● Material provided:
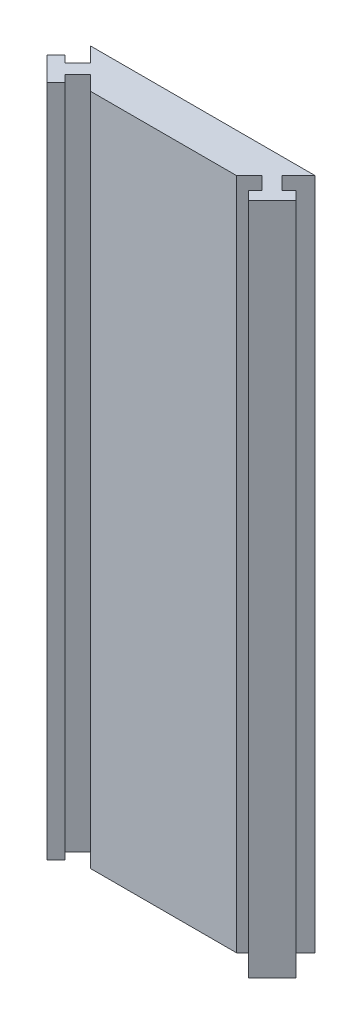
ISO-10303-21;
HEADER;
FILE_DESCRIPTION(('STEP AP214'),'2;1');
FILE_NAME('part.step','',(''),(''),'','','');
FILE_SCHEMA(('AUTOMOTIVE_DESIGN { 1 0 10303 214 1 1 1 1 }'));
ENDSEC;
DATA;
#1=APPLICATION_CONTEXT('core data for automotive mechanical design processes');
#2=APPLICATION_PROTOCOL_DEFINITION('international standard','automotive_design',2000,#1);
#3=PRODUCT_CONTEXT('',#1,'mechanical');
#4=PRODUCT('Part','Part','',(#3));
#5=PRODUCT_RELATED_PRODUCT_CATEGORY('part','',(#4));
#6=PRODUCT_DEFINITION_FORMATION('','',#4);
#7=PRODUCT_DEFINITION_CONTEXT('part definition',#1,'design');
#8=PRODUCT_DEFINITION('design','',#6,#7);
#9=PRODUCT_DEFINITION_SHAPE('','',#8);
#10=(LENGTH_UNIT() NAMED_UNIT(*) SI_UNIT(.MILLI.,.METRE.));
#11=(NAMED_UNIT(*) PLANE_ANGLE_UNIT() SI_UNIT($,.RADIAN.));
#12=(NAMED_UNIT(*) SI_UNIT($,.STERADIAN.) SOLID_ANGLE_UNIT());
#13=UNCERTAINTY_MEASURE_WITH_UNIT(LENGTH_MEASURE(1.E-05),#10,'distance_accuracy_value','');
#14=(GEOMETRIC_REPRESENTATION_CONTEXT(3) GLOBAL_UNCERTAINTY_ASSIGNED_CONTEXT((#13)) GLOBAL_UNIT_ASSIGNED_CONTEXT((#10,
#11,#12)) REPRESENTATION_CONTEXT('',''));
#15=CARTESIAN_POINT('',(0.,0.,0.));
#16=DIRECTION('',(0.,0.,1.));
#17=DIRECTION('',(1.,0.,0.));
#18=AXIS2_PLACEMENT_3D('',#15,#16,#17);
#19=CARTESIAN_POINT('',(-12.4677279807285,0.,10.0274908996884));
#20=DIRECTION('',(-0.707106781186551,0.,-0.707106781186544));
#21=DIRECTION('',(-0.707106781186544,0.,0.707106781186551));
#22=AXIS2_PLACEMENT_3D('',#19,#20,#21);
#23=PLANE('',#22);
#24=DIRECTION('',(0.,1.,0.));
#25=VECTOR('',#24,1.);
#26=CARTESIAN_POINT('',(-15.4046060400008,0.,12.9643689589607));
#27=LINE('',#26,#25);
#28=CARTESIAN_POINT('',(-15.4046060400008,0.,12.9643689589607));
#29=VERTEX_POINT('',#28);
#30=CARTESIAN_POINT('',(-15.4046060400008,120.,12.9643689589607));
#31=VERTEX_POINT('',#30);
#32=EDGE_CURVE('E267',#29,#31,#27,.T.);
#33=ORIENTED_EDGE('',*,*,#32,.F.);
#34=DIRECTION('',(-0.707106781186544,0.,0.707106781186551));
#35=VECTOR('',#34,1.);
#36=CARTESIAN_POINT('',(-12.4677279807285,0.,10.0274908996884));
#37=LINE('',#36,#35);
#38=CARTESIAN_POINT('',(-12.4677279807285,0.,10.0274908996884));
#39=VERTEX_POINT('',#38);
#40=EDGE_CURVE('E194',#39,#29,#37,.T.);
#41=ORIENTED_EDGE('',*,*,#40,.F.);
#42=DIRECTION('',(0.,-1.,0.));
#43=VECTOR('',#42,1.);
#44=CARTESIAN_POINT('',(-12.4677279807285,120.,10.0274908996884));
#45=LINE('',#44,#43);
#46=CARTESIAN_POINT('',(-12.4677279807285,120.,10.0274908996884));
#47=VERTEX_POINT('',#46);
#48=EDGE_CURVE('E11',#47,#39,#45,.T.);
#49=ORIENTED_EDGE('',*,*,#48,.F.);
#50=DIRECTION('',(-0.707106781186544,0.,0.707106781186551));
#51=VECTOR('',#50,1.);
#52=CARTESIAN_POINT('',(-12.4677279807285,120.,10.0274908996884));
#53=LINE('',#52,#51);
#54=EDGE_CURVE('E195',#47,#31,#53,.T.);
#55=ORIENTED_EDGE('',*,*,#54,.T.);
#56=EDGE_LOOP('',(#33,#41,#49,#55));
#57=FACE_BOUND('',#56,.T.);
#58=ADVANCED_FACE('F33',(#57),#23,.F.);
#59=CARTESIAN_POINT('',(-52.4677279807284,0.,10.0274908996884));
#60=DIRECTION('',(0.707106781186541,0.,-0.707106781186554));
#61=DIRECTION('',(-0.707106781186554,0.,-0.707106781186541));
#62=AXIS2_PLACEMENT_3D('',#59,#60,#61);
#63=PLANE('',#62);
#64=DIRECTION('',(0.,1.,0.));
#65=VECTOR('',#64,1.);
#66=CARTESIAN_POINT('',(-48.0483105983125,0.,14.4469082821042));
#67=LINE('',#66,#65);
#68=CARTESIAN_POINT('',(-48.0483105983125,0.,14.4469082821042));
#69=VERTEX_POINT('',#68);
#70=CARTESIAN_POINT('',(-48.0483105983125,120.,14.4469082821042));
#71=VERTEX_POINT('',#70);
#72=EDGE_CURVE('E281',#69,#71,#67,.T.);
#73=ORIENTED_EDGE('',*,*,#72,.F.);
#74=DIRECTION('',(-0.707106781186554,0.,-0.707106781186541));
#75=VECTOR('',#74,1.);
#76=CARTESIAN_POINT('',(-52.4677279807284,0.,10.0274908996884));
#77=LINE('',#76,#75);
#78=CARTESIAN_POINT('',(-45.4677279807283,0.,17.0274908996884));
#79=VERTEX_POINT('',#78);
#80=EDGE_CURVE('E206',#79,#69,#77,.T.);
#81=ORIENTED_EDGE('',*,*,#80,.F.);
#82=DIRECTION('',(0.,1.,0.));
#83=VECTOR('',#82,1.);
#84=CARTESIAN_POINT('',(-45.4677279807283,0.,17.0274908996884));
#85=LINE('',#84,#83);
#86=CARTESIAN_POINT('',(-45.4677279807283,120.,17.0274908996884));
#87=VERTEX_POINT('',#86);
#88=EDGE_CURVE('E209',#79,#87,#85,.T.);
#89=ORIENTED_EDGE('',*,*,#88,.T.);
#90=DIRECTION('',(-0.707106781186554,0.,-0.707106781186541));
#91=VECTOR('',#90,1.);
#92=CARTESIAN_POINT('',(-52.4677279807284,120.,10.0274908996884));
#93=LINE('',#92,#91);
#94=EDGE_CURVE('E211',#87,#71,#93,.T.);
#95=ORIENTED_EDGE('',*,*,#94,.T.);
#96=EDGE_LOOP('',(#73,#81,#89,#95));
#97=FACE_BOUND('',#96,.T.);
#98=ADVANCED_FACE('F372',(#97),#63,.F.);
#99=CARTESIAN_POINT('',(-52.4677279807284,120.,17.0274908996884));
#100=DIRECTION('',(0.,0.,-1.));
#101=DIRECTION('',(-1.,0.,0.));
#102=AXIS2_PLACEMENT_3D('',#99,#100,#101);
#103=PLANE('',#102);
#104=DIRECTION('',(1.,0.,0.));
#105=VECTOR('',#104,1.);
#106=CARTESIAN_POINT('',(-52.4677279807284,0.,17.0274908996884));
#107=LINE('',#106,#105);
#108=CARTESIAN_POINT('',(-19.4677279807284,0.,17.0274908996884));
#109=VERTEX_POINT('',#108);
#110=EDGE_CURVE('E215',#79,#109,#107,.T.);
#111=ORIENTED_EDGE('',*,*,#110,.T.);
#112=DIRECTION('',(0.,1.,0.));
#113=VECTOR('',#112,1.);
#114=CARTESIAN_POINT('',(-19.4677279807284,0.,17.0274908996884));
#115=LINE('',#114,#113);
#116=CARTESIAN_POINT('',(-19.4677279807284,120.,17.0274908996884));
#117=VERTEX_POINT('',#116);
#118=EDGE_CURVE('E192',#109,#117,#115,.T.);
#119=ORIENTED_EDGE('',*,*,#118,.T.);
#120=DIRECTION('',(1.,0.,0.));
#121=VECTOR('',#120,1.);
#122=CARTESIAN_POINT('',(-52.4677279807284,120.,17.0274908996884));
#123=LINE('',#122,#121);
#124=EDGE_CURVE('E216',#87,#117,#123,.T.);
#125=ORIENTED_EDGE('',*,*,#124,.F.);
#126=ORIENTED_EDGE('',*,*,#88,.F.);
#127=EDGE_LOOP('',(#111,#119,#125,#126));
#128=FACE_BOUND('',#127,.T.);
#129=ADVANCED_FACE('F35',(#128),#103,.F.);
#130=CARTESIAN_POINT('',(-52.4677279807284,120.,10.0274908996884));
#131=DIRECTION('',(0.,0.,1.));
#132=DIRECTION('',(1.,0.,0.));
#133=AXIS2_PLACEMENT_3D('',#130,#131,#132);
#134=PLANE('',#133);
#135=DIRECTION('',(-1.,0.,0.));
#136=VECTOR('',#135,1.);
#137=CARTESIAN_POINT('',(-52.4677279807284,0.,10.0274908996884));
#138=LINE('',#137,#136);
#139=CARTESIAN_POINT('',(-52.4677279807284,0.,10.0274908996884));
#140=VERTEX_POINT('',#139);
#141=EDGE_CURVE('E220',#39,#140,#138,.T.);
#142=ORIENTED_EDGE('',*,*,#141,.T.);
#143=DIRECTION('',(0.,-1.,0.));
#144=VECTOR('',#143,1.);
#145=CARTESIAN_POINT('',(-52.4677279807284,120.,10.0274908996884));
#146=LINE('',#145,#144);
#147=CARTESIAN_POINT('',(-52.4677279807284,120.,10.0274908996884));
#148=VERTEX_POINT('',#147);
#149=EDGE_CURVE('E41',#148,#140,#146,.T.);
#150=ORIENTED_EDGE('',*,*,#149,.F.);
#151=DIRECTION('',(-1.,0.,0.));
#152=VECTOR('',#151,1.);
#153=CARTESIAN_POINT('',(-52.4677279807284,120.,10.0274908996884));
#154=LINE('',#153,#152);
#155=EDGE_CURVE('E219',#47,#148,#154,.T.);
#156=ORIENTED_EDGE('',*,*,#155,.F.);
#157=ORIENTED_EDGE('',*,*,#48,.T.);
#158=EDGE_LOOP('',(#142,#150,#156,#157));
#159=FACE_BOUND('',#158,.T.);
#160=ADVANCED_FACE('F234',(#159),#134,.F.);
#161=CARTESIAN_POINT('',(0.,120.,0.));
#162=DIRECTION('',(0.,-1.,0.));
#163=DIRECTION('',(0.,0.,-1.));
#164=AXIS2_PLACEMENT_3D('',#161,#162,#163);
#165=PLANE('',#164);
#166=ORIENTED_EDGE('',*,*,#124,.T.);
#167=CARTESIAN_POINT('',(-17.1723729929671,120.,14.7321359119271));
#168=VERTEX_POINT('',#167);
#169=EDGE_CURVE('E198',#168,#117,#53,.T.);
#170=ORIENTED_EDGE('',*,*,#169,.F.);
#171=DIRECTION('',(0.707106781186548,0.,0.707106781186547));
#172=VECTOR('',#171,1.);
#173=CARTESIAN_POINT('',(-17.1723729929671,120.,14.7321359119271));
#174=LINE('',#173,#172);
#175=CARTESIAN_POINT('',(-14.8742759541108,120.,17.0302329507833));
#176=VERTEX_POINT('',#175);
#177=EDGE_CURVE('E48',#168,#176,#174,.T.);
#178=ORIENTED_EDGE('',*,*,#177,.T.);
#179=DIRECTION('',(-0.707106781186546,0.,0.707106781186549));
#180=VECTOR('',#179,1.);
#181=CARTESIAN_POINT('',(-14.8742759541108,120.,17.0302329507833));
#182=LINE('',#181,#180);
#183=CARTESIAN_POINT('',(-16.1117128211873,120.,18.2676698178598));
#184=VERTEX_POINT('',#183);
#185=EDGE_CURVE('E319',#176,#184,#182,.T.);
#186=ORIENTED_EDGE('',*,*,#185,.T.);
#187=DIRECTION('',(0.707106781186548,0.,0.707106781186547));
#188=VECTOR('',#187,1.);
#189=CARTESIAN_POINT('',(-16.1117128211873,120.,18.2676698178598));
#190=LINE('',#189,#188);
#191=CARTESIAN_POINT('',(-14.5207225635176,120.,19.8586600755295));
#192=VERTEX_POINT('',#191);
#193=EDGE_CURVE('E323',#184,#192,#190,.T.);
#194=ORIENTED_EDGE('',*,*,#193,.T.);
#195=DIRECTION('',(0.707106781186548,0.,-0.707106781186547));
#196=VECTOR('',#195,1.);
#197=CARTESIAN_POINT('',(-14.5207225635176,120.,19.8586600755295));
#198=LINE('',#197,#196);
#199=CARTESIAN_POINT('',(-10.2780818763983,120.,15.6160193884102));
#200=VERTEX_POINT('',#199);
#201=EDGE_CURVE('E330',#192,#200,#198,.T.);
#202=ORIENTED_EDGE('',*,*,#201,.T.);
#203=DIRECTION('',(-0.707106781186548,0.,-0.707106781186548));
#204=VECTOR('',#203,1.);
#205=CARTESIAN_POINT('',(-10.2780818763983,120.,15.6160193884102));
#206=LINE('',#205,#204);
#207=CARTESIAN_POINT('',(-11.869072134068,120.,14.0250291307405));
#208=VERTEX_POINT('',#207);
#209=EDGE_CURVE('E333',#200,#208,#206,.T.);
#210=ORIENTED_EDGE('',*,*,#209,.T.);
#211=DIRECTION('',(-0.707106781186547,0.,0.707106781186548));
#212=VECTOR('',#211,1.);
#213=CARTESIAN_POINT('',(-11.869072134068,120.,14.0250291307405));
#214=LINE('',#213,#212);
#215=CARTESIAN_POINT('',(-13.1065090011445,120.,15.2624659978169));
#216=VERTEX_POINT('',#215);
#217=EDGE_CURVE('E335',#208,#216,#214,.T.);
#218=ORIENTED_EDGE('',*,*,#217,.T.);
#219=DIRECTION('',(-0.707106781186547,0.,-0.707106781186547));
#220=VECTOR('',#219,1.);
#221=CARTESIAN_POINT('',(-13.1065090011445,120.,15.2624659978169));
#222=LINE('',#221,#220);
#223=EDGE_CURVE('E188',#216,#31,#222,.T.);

● Your instructions: In the data above, find the line with "#161=CARTESIAN_POINT('',(0.,120.,0.));" and the line with "#185=EDGE_CURVE('E319',#176,#184,#182,.T.);". Retype both, plus every line between them, exactly.

● Solved exercise:
#161=CARTESIAN_POINT('',(0.,120.,0.));
#162=DIRECTION('',(0.,-1.,0.));
#163=DIRECTION('',(0.,0.,-1.));
#164=AXIS2_PLACEMENT_3D('',#161,#162,#163);
#165=PLANE('',#164);
#166=ORIENTED_EDGE('',*,*,#124,.T.);
#167=CARTESIAN_POINT('',(-17.1723729929671,120.,14.7321359119271));
#168=VERTEX_POINT('',#167);
#169=EDGE_CURVE('E198',#168,#117,#53,.T.);
#170=ORIENTED_EDGE('',*,*,#169,.F.);
#171=DIRECTION('',(0.707106781186548,0.,0.707106781186547));
#172=VECTOR('',#171,1.);
#173=CARTESIAN_POINT('',(-17.1723729929671,120.,14.7321359119271));
#174=LINE('',#173,#172);
#175=CARTESIAN_POINT('',(-14.8742759541108,120.,17.0302329507833));
#176=VERTEX_POINT('',#175);
#177=EDGE_CURVE('E48',#168,#176,#174,.T.);
#178=ORIENTED_EDGE('',*,*,#177,.T.);
#179=DIRECTION('',(-0.707106781186546,0.,0.707106781186549));
#180=VECTOR('',#179,1.);
#181=CARTESIAN_POINT('',(-14.8742759541108,120.,17.0302329507833));
#182=LINE('',#181,#180);
#183=CARTESIAN_POINT('',(-16.1117128211873,120.,18.2676698178598));
#184=VERTEX_POINT('',#183);
#185=EDGE_CURVE('E319',#176,#184,#182,.T.);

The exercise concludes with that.